[TASK ITEM] Extract, without alteration, each line from the start of the listing to the line bearing "T_A_m2_1024_1_u32.SlopeAdjustmentFactor = 1;".

SUPPLIED DATA section start

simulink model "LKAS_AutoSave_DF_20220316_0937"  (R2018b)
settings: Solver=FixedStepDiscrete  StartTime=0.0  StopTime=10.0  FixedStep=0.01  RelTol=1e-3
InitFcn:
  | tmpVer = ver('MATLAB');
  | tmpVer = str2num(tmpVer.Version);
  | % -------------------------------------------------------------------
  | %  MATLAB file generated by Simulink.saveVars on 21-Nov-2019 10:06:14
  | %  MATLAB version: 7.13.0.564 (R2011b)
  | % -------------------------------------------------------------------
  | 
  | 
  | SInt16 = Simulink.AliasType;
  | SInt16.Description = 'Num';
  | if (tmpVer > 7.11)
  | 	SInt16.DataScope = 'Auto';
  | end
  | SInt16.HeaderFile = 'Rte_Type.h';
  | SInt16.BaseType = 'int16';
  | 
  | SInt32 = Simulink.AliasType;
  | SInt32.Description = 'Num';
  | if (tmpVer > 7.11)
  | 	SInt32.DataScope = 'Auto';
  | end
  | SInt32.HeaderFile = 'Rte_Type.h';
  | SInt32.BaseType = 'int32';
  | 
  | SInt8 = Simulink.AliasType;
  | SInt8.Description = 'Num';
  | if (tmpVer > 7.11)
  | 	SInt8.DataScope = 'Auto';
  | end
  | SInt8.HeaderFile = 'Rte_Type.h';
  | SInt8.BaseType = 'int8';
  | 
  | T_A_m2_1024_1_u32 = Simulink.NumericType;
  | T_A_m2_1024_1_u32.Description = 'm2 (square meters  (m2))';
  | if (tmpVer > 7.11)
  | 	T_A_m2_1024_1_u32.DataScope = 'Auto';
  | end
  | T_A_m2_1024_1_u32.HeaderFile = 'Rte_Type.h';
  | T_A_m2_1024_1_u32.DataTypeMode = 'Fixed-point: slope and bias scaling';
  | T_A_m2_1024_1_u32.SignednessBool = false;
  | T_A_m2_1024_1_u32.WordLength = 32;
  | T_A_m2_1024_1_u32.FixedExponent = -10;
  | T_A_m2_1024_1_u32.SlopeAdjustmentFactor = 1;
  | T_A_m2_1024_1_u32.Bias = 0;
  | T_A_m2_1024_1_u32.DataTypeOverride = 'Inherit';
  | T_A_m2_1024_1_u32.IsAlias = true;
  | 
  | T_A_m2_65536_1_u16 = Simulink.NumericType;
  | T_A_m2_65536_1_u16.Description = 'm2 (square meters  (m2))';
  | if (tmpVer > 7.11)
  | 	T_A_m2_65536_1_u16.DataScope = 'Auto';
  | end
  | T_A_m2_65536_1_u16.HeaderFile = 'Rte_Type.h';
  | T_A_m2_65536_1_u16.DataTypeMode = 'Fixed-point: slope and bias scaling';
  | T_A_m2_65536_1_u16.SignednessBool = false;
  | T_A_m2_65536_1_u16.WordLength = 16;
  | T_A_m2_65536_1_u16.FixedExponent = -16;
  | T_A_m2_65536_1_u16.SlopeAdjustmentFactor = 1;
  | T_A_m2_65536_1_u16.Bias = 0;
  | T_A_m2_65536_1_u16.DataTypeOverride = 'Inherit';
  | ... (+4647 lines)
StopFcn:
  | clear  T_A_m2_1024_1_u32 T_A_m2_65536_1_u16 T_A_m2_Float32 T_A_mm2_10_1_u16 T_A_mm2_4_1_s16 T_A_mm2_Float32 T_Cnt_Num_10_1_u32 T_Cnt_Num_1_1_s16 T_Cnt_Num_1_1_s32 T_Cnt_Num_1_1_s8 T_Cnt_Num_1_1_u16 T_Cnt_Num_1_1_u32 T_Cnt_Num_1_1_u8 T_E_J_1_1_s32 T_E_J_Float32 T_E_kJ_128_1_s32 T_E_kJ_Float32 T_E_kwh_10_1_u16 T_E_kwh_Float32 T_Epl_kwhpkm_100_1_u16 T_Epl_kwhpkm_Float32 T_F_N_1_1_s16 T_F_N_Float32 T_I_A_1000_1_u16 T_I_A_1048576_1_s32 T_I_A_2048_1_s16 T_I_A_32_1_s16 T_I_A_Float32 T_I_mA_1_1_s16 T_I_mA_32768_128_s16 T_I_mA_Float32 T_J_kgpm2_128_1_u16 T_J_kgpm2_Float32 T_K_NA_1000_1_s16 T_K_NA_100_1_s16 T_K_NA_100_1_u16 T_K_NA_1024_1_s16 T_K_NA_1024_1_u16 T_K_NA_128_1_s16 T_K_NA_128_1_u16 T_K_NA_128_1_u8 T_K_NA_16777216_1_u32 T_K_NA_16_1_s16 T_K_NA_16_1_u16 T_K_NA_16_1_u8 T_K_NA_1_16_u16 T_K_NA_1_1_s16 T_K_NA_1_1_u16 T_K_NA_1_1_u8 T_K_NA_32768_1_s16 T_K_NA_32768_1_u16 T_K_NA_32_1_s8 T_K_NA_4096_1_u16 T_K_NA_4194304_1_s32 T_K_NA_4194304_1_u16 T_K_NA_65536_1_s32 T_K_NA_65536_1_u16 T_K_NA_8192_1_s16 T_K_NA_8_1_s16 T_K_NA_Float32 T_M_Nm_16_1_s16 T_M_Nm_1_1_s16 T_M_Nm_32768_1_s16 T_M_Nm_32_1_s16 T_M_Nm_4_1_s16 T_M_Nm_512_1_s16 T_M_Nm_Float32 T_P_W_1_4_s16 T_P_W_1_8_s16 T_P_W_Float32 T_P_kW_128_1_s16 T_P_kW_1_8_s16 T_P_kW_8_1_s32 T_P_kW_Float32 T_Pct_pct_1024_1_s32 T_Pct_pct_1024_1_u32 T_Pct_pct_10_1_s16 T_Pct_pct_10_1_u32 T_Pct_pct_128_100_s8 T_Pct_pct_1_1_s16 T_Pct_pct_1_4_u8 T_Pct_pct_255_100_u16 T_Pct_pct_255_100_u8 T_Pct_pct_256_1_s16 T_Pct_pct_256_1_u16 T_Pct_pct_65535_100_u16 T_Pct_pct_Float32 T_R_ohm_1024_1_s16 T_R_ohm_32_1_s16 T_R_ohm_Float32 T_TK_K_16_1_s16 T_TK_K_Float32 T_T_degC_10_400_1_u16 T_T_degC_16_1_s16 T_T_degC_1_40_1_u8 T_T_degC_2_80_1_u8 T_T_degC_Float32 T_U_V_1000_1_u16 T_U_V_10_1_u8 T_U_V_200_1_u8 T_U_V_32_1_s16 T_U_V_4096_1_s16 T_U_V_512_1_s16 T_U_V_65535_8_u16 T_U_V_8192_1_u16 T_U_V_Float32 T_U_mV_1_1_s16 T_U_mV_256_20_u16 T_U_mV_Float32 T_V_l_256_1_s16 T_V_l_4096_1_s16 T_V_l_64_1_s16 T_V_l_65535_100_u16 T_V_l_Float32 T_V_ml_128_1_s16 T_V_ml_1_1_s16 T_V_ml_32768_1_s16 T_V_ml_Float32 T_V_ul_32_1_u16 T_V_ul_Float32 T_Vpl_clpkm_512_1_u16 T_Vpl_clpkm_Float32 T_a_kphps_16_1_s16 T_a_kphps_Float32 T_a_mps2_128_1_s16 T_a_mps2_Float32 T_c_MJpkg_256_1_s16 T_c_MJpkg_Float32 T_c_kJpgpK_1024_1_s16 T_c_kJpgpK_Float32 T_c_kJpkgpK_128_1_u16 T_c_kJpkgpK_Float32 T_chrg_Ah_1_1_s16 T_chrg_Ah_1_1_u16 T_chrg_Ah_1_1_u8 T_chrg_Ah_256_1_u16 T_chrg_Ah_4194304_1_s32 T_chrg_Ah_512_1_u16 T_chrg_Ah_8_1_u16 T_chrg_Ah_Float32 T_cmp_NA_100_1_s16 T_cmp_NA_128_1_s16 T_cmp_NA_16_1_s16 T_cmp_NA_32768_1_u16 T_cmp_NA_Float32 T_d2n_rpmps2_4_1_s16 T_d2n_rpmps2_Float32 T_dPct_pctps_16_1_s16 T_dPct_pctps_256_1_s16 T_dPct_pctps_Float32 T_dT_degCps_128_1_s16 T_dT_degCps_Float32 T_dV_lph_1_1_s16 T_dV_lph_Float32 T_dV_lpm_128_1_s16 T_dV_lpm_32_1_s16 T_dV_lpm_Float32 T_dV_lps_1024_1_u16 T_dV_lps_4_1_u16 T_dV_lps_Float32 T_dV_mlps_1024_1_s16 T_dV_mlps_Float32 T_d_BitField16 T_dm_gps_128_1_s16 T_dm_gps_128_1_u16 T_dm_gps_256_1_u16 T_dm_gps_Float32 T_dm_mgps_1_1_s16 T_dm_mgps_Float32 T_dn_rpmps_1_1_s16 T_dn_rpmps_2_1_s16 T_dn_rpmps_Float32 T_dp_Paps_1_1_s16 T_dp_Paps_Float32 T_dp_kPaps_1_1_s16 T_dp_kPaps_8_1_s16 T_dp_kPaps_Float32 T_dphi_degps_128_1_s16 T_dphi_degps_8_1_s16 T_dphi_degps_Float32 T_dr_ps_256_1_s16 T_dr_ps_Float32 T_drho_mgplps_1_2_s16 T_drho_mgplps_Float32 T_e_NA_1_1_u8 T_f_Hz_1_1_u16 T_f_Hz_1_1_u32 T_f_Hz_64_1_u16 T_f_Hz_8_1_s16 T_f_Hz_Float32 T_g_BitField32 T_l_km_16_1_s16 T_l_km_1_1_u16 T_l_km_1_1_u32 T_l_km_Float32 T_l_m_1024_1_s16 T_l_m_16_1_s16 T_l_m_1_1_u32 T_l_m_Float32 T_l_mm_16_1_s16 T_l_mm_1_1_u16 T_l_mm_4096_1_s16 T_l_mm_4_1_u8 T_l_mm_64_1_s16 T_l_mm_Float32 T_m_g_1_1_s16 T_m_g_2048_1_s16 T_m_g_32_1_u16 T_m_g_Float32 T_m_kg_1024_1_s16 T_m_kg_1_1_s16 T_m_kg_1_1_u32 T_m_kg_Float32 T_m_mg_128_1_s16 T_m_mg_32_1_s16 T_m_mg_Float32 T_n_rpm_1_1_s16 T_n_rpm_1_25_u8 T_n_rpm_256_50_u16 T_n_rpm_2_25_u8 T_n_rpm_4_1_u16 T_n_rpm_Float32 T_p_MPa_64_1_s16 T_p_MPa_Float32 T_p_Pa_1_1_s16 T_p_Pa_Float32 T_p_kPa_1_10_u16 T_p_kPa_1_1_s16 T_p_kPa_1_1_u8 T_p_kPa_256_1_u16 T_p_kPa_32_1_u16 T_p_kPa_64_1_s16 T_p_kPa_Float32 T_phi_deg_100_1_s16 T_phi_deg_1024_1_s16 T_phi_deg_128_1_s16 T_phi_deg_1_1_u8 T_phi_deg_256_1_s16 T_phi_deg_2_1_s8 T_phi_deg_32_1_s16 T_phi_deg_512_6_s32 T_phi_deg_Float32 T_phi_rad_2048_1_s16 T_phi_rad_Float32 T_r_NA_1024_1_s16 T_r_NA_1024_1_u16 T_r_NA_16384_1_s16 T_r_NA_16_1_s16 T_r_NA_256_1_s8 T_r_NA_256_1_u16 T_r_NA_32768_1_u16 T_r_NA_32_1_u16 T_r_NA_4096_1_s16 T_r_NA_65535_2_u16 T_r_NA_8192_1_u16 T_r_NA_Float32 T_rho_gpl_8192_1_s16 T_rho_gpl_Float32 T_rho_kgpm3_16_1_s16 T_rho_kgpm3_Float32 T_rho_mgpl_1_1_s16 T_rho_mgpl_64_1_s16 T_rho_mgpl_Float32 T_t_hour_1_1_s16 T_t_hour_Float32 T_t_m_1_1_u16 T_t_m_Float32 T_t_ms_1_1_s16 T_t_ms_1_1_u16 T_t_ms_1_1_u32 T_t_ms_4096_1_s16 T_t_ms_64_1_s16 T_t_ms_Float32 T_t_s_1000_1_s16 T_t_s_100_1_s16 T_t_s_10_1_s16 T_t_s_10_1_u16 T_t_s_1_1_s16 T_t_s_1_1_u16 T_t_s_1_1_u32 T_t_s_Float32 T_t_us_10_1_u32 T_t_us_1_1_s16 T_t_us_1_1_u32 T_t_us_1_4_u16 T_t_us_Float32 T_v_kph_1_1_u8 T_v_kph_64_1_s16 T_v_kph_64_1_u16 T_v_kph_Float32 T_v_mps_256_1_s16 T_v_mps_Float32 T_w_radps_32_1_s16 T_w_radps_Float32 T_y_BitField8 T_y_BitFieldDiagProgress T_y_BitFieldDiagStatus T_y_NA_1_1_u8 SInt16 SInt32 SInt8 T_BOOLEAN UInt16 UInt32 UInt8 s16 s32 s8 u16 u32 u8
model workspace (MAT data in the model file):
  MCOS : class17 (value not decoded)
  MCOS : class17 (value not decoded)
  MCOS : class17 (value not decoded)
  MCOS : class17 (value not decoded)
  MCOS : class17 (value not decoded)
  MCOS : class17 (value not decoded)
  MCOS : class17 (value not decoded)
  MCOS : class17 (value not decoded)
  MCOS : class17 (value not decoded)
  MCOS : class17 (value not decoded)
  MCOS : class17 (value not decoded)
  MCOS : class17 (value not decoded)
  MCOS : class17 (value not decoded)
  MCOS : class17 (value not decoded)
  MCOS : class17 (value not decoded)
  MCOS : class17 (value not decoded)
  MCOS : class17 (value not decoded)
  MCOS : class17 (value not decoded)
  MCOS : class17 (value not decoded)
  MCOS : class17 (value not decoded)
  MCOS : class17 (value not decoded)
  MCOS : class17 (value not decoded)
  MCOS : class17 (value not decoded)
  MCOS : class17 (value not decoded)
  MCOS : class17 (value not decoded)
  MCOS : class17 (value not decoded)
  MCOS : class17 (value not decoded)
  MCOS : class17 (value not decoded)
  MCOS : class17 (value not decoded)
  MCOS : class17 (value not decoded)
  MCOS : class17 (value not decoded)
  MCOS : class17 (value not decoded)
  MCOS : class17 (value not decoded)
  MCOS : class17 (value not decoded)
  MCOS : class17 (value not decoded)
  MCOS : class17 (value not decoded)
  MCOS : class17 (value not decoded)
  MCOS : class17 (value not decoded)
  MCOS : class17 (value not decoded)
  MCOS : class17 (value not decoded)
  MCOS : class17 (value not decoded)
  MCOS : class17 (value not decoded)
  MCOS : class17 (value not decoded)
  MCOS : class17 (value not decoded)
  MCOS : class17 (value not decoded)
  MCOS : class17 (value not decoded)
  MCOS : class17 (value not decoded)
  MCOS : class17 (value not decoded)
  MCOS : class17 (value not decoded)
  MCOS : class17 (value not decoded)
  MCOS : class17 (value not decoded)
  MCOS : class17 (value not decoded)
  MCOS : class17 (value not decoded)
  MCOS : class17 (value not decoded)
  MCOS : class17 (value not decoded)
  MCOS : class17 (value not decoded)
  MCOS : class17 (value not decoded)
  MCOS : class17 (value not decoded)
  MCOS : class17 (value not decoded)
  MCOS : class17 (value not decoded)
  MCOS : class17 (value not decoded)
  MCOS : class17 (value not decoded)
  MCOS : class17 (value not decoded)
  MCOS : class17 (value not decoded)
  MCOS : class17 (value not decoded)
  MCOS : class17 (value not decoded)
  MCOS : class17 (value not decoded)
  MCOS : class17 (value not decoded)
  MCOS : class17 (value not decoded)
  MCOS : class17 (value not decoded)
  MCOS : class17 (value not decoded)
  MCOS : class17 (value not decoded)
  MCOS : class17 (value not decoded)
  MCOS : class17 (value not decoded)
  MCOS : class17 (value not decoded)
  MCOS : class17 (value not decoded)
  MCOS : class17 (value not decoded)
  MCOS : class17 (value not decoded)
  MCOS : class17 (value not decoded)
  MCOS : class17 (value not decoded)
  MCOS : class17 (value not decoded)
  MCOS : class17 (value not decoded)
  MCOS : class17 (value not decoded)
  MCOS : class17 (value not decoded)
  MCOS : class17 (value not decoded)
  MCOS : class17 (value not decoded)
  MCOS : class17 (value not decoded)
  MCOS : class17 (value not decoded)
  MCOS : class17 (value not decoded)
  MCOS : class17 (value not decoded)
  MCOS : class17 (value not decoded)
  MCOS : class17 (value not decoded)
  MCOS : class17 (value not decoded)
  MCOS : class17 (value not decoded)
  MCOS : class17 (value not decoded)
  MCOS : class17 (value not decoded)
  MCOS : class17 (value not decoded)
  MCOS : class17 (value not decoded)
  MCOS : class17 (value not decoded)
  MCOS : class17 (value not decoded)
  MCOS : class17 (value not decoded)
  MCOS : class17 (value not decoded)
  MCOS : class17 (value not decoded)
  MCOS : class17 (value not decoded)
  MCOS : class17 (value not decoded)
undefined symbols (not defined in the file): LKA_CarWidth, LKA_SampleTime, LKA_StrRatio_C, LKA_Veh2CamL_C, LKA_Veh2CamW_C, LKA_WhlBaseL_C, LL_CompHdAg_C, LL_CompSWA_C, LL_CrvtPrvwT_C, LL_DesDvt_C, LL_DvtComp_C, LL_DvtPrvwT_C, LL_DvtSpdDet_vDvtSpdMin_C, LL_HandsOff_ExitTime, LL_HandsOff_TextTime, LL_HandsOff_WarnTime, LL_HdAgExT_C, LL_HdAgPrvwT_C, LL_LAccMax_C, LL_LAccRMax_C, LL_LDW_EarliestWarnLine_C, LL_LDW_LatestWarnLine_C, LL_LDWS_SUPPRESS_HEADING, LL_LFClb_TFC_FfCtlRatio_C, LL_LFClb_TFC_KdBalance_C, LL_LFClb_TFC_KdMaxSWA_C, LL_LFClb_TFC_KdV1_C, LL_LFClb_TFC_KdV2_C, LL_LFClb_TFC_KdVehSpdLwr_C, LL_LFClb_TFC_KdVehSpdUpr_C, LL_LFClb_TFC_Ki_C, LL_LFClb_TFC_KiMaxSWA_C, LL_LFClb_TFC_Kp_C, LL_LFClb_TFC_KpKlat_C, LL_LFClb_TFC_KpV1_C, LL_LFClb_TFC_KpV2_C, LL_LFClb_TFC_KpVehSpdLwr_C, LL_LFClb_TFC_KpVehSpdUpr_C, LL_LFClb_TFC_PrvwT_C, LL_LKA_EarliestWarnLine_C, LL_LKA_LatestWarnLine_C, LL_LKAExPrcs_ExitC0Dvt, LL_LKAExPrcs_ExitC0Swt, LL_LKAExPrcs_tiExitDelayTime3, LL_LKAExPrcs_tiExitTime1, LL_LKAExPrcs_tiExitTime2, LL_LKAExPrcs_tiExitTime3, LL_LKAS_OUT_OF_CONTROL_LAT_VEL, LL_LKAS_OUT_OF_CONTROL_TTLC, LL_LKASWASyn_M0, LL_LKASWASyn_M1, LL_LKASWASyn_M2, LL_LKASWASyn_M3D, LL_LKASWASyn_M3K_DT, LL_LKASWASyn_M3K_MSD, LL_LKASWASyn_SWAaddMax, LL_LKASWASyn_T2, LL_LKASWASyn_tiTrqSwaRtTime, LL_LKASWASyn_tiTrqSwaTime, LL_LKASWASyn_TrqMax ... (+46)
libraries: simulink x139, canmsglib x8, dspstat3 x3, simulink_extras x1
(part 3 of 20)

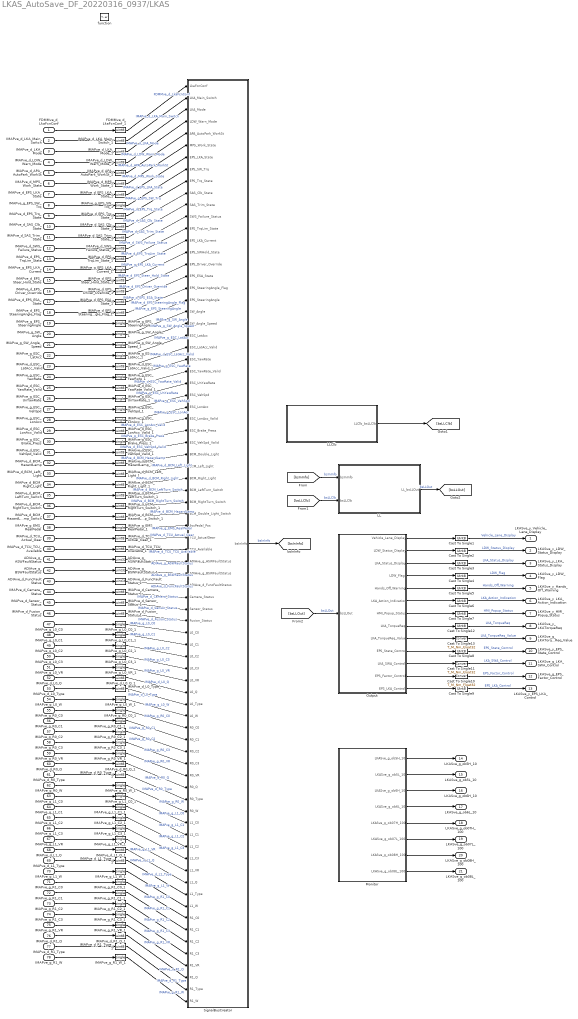
== system LKAS_AutoSave_DF_20220316_0937/LKAS ==
  FDMMve_d_LkaFcnConf : Inport
  IMAPve_d_LKA_Main_Switch : Inport  Port=2
  IMAPve_d_LKA_Mode : Inport  Port=3
  IMAPve_d_LDW_Warn_Mode : Inport  Port=4
  IMAPve_d_APA_AutoPark_WorkSt : Inport  Port=5
  IMAPve_d_MP5_Work_State : Inport  Port=6
  IMAPve_d_EPS_LKA_State : Inport  Port=7
  IMAPve_g_EPS_SW_Trq : Inport  Port=8
  IMAPve_d_EPS_Trq_State : Inport  Port=9
  IMAPve_d_SAS_Clb_State : Inport  Port=10
  IMAPve_d_SAS_Trim_State : Inport  Port=11
  IMAPve_d_SWS_Failure_Status : Inport  Port=12
  IMAPve_d_EPS_TrqLim_State : Inport  Port=13
  IMAPve_g_EPS_LKA_Current : Inport  Port=14
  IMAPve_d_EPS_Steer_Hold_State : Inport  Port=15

SUPPLIED DATA section end

[TASK RESPONSE]
simulink model "LKAS_AutoSave_DF_20220316_0937"  (R2018b)
settings: Solver=FixedStepDiscrete  StartTime=0.0  StopTime=10.0  FixedStep=0.01  RelTol=1e-3
InitFcn:
  | tmpVer = ver('MATLAB');
  | tmpVer = str2num(tmpVer.Version);
  | % -------------------------------------------------------------------
  | %  MATLAB file generated by Simulink.saveVars on 21-Nov-2019 10:06:14
  | %  MATLAB version: 7.13.0.564 (R2011b)
  | % -------------------------------------------------------------------
  | 
  | 
  | SInt16 = Simulink.AliasType;
  | SInt16.Description = 'Num';
  | if (tmpVer > 7.11)
  | 	SInt16.DataScope = 'Auto';
  | end
  | SInt16.HeaderFile = 'Rte_Type.h';
  | SInt16.BaseType = 'int16';
  | 
  | SInt32 = Simulink.AliasType;
  | SInt32.Description = 'Num';
  | if (tmpVer > 7.11)
  | 	SInt32.DataScope = 'Auto';
  | end
  | SInt32.HeaderFile = 'Rte_Type.h';
  | SInt32.BaseType = 'int32';
  | 
  | SInt8 = Simulink.AliasType;
  | SInt8.Description = 'Num';
  | if (tmpVer > 7.11)
  | 	SInt8.DataScope = 'Auto';
  | end
  | SInt8.HeaderFile = 'Rte_Type.h';
  | SInt8.BaseType = 'int8';
  | 
  | T_A_m2_1024_1_u32 = Simulink.NumericType;
  | T_A_m2_1024_1_u32.Description = 'm2 (square meters  (m2))';
  | if (tmpVer > 7.11)
  | 	T_A_m2_1024_1_u32.DataScope = 'Auto';
  | end
  | T_A_m2_1024_1_u32.HeaderFile = 'Rte_Type.h';
  | T_A_m2_1024_1_u32.DataTypeMode = 'Fixed-point: slope and bias scaling';
  | T_A_m2_1024_1_u32.SignednessBool = false;
  | T_A_m2_1024_1_u32.WordLength = 32;
  | T_A_m2_1024_1_u32.FixedExponent = -10;
  | T_A_m2_1024_1_u32.SlopeAdjustmentFactor = 1;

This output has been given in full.